Que raio de auditoria!
Para quem trabalha no meio, torna-se evidente concluir que a auditoria visou nomes específicos e conectados a Luís Filipe Vieira
Na edição impressa de A BOLA de 28 de agosto de 2020, em plena campanha eleitoral do Sport Lisboa e Benfica, escrevi nesta mesma coluna, sob o título E o Maestro?, que Rui Costa era figura incontornável do universo benfiquista e reunia as condições exigidas pelos estatutos para a presidência. Mas sob uma condição: tinha que deixar de ser um apparatchik.
Nesse mesmo texto, aproveitei para tecer uma consideração final sobre o atual presidente da Benfica SAD: que se quisesse e tivesse vontade de ir a jogo por ele próprio, bastaria acordar a tempo de utilizar a sua gigantesca imagem aos olhos dos benfiquistas para criar um problema à lista de Luís Filipe Vieira que se encontrava em construção.
Optou por se manter fiel a quem lhe abriu as portas do dirigismo sem que lhe fosse exigida qualquer preparação, pensando que a experiência de sucesso enquanto profissional de futebol lhe chegasse para a viagem em que iria embarcar.
Ora, a pessoa que lhe estendeu a passadeira dos relvados diretamente para um dos gabinetes da SAD no piso 1 do Estádio da Luz pouco percebia do setor desportivo e nunca teve intenções de o proteger. Quis utilizá-lo, apenas e só, como trunfo eleitoral. E, sim, Rui Costa devia ter sido protegido no início da sua carreira de dirigente (como qualquer outra figura com o seu peso institucional), tal como, mais tarde, devia ter tido noção de que se devia ter protegido.
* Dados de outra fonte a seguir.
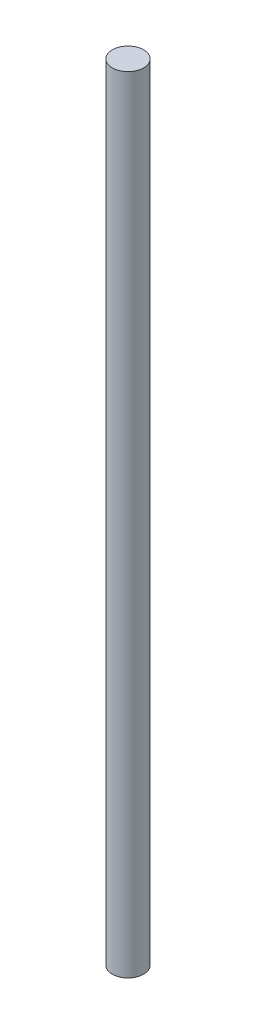
ISO-10303-21;
HEADER;
FILE_DESCRIPTION(('STEP AP214'),'2;1');
FILE_NAME('part.step','',(''),(''),'','','');
FILE_SCHEMA(('AUTOMOTIVE_DESIGN { 1 0 10303 214 1 1 1 1 }'));
ENDSEC;
DATA;
#1=APPLICATION_CONTEXT('core data for automotive mechanical design processes');
#2=APPLICATION_PROTOCOL_DEFINITION('international standard','automotive_design',2000,#1);
#3=PRODUCT_CONTEXT('',#1,'mechanical');
#4=PRODUCT('Part','Part','',(#3));
#5=PRODUCT_RELATED_PRODUCT_CATEGORY('part','',(#4));
#6=PRODUCT_DEFINITION_FORMATION('','',#4);
#7=PRODUCT_DEFINITION_CONTEXT('part definition',#1,'design');
#8=PRODUCT_DEFINITION('design','',#6,#7);
#9=PRODUCT_DEFINITION_SHAPE('','',#8);
#10=(LENGTH_UNIT() NAMED_UNIT(*) SI_UNIT(.MILLI.,.METRE.));
#11=(NAMED_UNIT(*) PLANE_ANGLE_UNIT() SI_UNIT($,.RADIAN.));
#12=(NAMED_UNIT(*) SI_UNIT($,.STERADIAN.) SOLID_ANGLE_UNIT());
#13=UNCERTAINTY_MEASURE_WITH_UNIT(LENGTH_MEASURE(1.E-05),#10,'distance_accuracy_value','');
#14=(GEOMETRIC_REPRESENTATION_CONTEXT(3) GLOBAL_UNCERTAINTY_ASSIGNED_CONTEXT((#13)) GLOBAL_UNIT_ASSIGNED_CONTEXT((#10,
#11,#12)) REPRESENTATION_CONTEXT('',''));
#15=CARTESIAN_POINT('',(0.,0.,0.));
#16=DIRECTION('',(0.,0.,1.));
#17=DIRECTION('',(1.,0.,0.));
#18=AXIS2_PLACEMENT_3D('',#15,#16,#17);
#19=CARTESIAN_POINT('',(0.,75.,0.));
#20=DIRECTION('',(0.,-1.,0.));
#21=DIRECTION('',(0.,0.,-1.));
#22=AXIS2_PLACEMENT_3D('',#19,#20,#21);
#23=CYLINDRICAL_SURFACE('',#22,1.5);
#24=CARTESIAN_POINT('',(0.,75.,0.));
#25=DIRECTION('',(0.,1.,0.));
#26=DIRECTION('',(0.,0.,1.));
#27=AXIS2_PLACEMENT_3D('',#24,#25,#26);
#28=CIRCLE('',#27,1.5);
#29=CARTESIAN_POINT('',(0.,75.,1.5));
#30=VERTEX_POINT('',#29);
#31=EDGE_CURVE('E10',#30,#30,#28,.T.);
#32=ORIENTED_EDGE('',*,*,#31,.F.);
#33=EDGE_LOOP('',(#32));
#34=FACE_BOUND('',#33,.T.);
#35=CARTESIAN_POINT('',(0.,0.,0.));
#36=DIRECTION('',(0.,1.,0.));
#37=DIRECTION('',(0.,0.,1.));
#38=AXIS2_PLACEMENT_3D('',#35,#36,#37);
#39=CIRCLE('',#38,1.5);
#40=CARTESIAN_POINT('',(0.,0.,1.5));
#41=VERTEX_POINT('',#40);
#42=EDGE_CURVE('E38',#41,#41,#39,.T.);
#43=ORIENTED_EDGE('',*,*,#42,.T.);
#44=EDGE_LOOP('',(#43));
#45=FACE_BOUND('',#44,.T.);
#46=ADVANCED_FACE('F35',(#34,#45),#23,.T.);
#47=CARTESIAN_POINT('',(0.,75.,0.));
#48=DIRECTION('',(0.,1.,0.));
#49=DIRECTION('',(0.,0.,1.));
#50=AXIS2_PLACEMENT_3D('',#47,#48,#49);
#51=PLANE('',#50);
#52=ORIENTED_EDGE('',*,*,#31,.T.);
#53=EDGE_LOOP('',(#52));
#54=FACE_BOUND('',#53,.T.);
#55=ADVANCED_FACE('F50',(#54),#51,.T.);
#56=CARTESIAN_POINT('',(0.,0.,0.));
#57=DIRECTION('',(0.,1.,0.));
#58=DIRECTION('',(0.,0.,1.));
#59=AXIS2_PLACEMENT_3D('',#56,#57,#58);
#60=PLANE('',#59);
#61=ORIENTED_EDGE('',*,*,#42,.F.);
#62=EDGE_LOOP('',(#61));
#63=FACE_BOUND('',#62,.T.);
#64=ADVANCED_FACE('F48',(#63),#60,.F.);
#65=CLOSED_SHELL('',(#46,#55,#64));
#66=MANIFOLD_SOLID_BREP('B2',#65);
#67=ADVANCED_BREP_SHAPE_REPRESENTATION('',(#18,#66),#14);
#68=SHAPE_DEFINITION_REPRESENTATION(#9,#67);
ENDSEC;
END-ISO-10303-21;

Escolheu o caminho errado (decisões essenciais tomadas no passado moldam-nos para sempre o futuro), colocou-se a jeito et voilà: quatro anos depois, analisamos uma auditoria que é um rascunho por editar ao ponto da sua própria criadora assumir, veja-se bem, que não realizou qualquer verificação sobre a autenticidade da documentação que lhe foi entregue e, no caso das cópias com que basearam o trabalho, nem sequer verificaram a sua conciliação com os respetivos originais.
Para quem trabalha no meio, torna-se evidente concluir que a auditoria visou nomes específicos e conectados a Luís Filipe Vieira. A lógica é simples: está queimado e é um alvo mais fácil a abater. Esta ilação é legítima quando somos surpreendidos com uma auditoria de transações de direitos económicos e desportivos de apenas 51 jogadores em 176 possíveis entre as épocas 2007/08 e 2022/23. A análise corresponde a uma colheita de 29%. Os responsáveis benfiquistas argumentam que só interessa auditar os casos que o Ministério Público (MP) investiga. E, segundo Rui Costa, virá uma nova auditoria relacionada com os investimentos que a sua SAD fez no passado para os lados de Setúbal. Imagino quando o MP chegar a Leixões!
Assim, apraz-me saber que Ulisses Santos, Bruno Macedo e os parceiros deste são os grandes vencedores da primeira auditoria. O primeiro, através das empresas US11, Sportis II Management e Oesterbro Services, faturou à SAD 8.658.000,00 euros. Com particular destaque para 1 milhão por diligências na venda de Raúl de Tomás ao Espanhol de Barcelona, 1 milhão pelas diligências feitas na contratação de Zivkovic, outro milhão pela celebração do 1.º contrato de trabalho desportivo de Gabriel Pires e mais 1,3 milhões pela vinda de Vlachodimos (500 mil euros) e as suas 2.ª e 3.ª renovações de contrato (400 mil euros cada).
Podia acrescentar mais diligências deste agente como a espetacular celebração de contrato com Ronaldo Camará que lhe deu 600 mil euros ou os 875 mil euros que meteu ao bolso com Pelé por uma assinatura contratual e a transferência para o Rio Ave.
Já Macedo, ex-parceiro de detenção de Vieira, foi mais recatado e ingeriu-se através de estruturas distintas como a Trade In e a Master Internacional FZC em transferências como a de Derlis González, César Martins e Claudio Correa. Neste caso, é incrível verificar que a própria auditora nem conseguiu identificar Bruno Macedo como último beneficiário efetivo da Master Internacional FZC, algo que é do domínio público.
Deve ter sido a parte feita pelos estagiários... tal como aquela em que surge o nome Ramón Daher, ex-dirigente desportivo (incluindo da Federação Paraguaia de Futebol) condenado a 15 anos de prisão em 2023 por lavagem de dinheiro.
Ao menos tiveram a noção de confirmar que houve sempre uma grande envolvência pelos vários diretores desportivos em funções em cada momento da análise.